Task statement —
Look through the entries for the string "whole", and copy each line that holds it.
━━━━━━━━━━━━━━━━━━━━
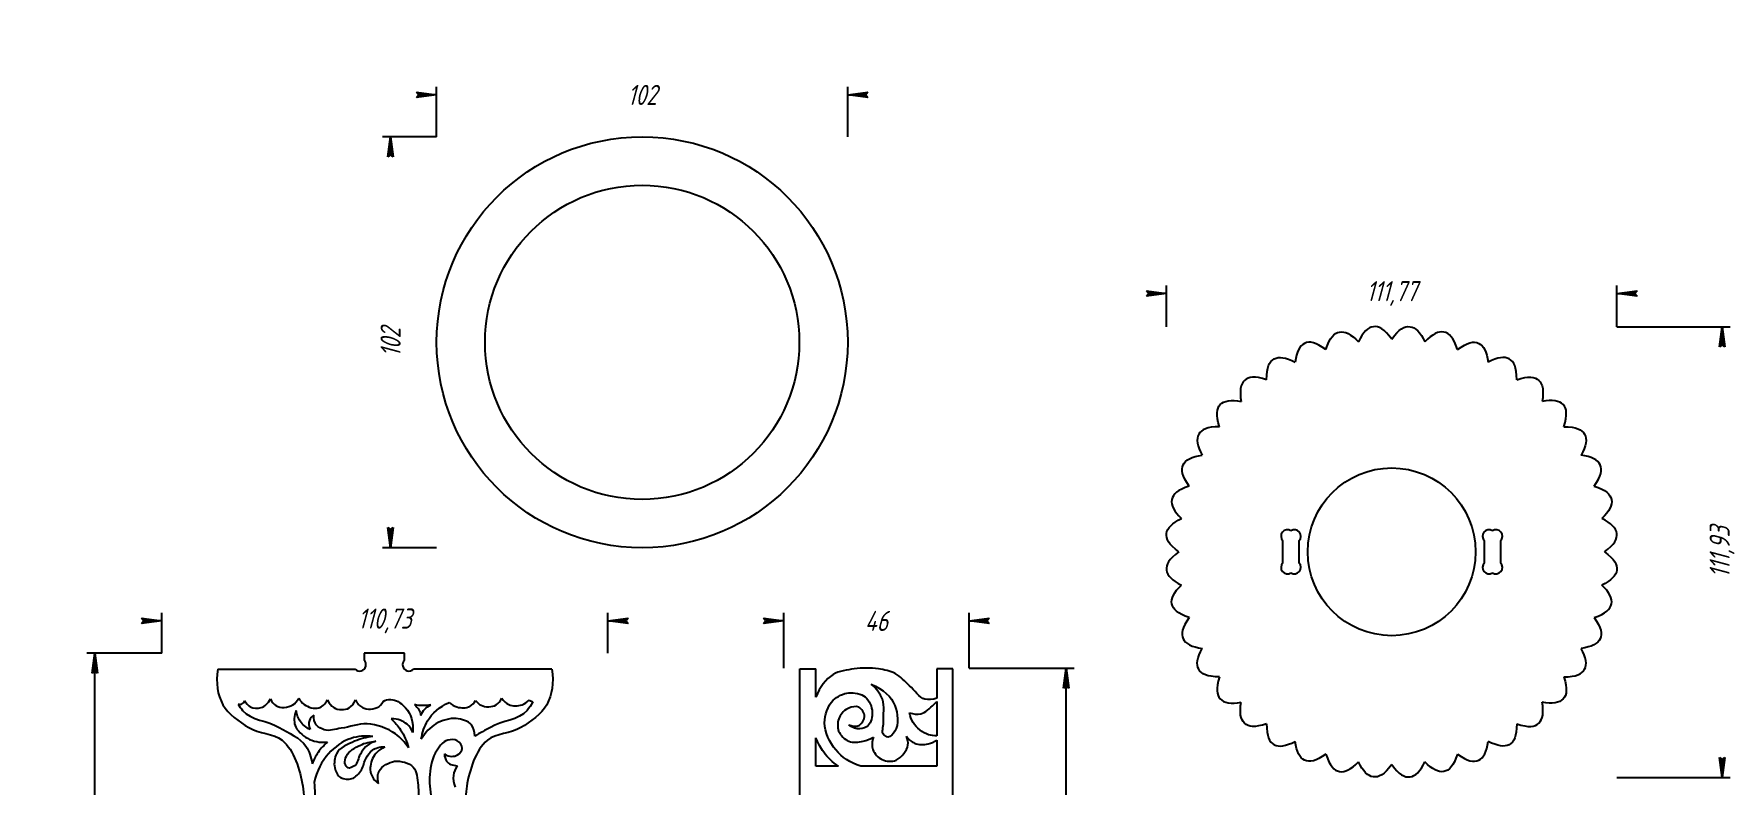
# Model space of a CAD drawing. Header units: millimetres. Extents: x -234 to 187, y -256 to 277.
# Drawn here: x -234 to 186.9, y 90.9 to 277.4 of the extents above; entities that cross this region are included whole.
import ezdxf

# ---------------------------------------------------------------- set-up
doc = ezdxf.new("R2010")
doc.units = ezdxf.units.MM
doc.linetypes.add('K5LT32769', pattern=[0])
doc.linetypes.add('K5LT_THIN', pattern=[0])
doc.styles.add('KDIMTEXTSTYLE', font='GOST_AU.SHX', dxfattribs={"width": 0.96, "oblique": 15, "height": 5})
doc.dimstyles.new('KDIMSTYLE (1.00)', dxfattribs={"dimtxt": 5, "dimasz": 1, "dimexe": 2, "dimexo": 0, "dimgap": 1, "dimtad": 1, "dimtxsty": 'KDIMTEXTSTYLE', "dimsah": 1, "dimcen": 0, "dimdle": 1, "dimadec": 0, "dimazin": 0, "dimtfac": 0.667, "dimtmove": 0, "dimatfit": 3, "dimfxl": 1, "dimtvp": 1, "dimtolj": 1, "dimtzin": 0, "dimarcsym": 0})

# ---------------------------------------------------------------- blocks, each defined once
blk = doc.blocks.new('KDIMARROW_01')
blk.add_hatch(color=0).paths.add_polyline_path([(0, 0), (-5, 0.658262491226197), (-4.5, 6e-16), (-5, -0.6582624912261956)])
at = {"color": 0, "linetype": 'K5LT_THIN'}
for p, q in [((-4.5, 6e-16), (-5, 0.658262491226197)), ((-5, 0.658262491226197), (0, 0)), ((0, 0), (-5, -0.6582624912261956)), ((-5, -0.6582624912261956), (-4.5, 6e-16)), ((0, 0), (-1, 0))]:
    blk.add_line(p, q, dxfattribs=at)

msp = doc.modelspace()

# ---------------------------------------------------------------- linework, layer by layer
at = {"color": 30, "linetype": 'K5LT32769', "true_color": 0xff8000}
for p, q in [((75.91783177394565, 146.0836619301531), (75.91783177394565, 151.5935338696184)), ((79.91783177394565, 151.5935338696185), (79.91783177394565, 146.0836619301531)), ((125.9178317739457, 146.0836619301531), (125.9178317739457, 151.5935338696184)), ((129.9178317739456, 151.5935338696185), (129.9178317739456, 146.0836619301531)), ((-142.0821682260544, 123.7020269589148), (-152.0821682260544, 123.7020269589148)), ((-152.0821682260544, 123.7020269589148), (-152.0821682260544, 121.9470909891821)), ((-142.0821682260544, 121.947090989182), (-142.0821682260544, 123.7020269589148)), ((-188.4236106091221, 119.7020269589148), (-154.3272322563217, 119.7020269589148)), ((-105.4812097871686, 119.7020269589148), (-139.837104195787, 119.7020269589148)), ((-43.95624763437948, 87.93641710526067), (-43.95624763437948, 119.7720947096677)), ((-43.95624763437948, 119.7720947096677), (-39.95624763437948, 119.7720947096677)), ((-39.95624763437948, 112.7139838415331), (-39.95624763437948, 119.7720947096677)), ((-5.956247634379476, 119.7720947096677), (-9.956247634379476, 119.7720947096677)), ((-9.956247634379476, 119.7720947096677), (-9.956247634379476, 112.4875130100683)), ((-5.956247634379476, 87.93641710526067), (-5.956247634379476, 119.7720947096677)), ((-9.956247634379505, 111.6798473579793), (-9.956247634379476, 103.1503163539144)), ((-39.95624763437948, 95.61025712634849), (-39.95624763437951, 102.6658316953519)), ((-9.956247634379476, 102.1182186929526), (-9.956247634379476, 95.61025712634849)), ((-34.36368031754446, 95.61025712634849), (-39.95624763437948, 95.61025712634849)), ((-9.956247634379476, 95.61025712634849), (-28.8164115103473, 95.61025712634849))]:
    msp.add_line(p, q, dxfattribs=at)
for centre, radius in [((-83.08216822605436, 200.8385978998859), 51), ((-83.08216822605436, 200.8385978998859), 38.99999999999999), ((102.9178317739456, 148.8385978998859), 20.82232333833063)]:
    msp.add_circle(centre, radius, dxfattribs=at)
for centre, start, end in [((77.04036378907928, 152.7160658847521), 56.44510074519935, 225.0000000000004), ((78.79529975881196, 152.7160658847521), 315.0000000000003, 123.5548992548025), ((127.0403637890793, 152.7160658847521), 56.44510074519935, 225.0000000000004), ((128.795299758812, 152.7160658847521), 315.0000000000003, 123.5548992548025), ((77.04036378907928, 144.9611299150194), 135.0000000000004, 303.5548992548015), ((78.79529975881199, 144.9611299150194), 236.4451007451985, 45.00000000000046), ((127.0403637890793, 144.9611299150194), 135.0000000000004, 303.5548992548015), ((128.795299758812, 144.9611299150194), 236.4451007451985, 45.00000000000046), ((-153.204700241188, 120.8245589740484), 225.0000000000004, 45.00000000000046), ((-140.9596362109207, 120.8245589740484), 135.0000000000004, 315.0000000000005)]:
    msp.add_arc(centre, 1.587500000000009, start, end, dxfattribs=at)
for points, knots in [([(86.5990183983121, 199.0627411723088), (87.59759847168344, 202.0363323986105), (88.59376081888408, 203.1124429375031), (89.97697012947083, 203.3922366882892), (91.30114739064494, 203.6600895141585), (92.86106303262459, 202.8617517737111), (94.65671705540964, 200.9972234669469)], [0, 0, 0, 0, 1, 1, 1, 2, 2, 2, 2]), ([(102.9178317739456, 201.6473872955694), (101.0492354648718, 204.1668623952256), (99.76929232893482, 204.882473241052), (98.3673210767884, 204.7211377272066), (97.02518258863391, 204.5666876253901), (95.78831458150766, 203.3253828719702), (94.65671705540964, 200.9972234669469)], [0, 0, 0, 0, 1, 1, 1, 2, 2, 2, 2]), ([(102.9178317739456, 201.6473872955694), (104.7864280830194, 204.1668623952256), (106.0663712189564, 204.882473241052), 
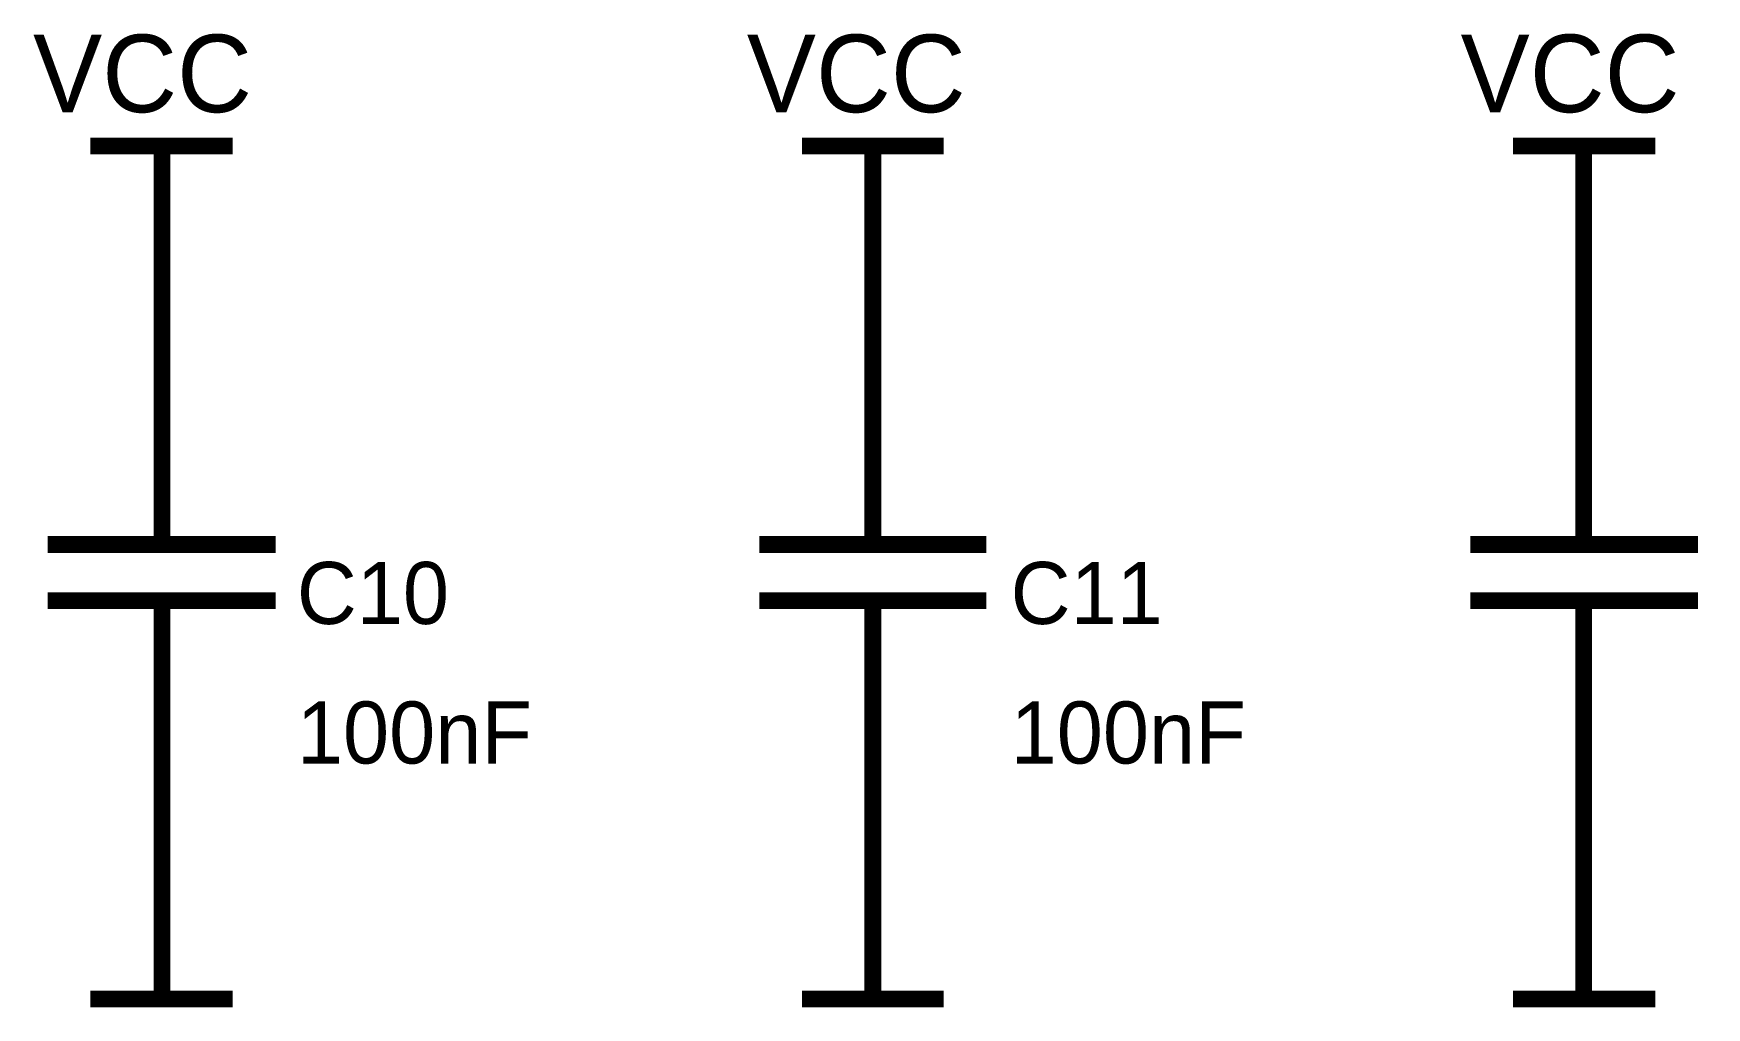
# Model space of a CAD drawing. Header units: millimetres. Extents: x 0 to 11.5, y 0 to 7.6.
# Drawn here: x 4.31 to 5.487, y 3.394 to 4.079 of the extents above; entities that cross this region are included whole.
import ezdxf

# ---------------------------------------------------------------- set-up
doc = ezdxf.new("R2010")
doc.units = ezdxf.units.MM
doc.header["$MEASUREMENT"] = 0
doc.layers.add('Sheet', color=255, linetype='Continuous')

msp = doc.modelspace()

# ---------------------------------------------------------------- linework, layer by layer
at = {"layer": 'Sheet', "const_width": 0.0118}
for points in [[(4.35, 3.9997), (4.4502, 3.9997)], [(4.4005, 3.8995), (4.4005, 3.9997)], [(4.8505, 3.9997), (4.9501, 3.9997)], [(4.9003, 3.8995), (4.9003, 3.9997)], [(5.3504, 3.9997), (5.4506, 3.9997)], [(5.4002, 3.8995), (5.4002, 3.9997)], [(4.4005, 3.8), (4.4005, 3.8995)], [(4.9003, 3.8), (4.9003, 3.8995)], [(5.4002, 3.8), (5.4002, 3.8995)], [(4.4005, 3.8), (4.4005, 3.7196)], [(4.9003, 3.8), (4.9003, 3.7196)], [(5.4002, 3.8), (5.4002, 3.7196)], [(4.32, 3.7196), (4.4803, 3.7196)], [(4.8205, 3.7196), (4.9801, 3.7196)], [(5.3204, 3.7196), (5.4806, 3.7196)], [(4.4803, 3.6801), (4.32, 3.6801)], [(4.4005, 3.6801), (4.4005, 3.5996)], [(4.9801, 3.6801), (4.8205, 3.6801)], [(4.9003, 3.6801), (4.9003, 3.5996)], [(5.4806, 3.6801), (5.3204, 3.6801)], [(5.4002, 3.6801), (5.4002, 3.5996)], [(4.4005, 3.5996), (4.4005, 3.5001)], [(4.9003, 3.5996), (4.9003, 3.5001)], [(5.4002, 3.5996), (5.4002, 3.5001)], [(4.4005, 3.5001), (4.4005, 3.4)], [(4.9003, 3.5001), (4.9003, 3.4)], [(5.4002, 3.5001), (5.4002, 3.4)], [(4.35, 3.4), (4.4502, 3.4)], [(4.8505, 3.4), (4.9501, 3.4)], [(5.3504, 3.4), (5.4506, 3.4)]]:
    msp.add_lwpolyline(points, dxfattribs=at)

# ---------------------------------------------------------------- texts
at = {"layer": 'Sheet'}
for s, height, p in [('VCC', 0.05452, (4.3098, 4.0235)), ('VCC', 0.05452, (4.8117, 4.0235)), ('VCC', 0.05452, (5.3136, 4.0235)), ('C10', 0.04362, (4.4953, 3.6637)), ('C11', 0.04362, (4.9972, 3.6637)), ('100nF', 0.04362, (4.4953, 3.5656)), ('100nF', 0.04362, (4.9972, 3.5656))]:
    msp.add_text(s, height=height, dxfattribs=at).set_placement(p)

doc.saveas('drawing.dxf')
━━━━━━━━━━━━━━━━━━━━
Solution below —
# Drawn here: x -234 to 186.9, y 90.9 to 277.4 of the extents above; entities that cross this region are included whole.
# Drawn here: x 4.31 to 5.487, y 3.394 to 4.079 of the extents above; entities that cross this region are included whole.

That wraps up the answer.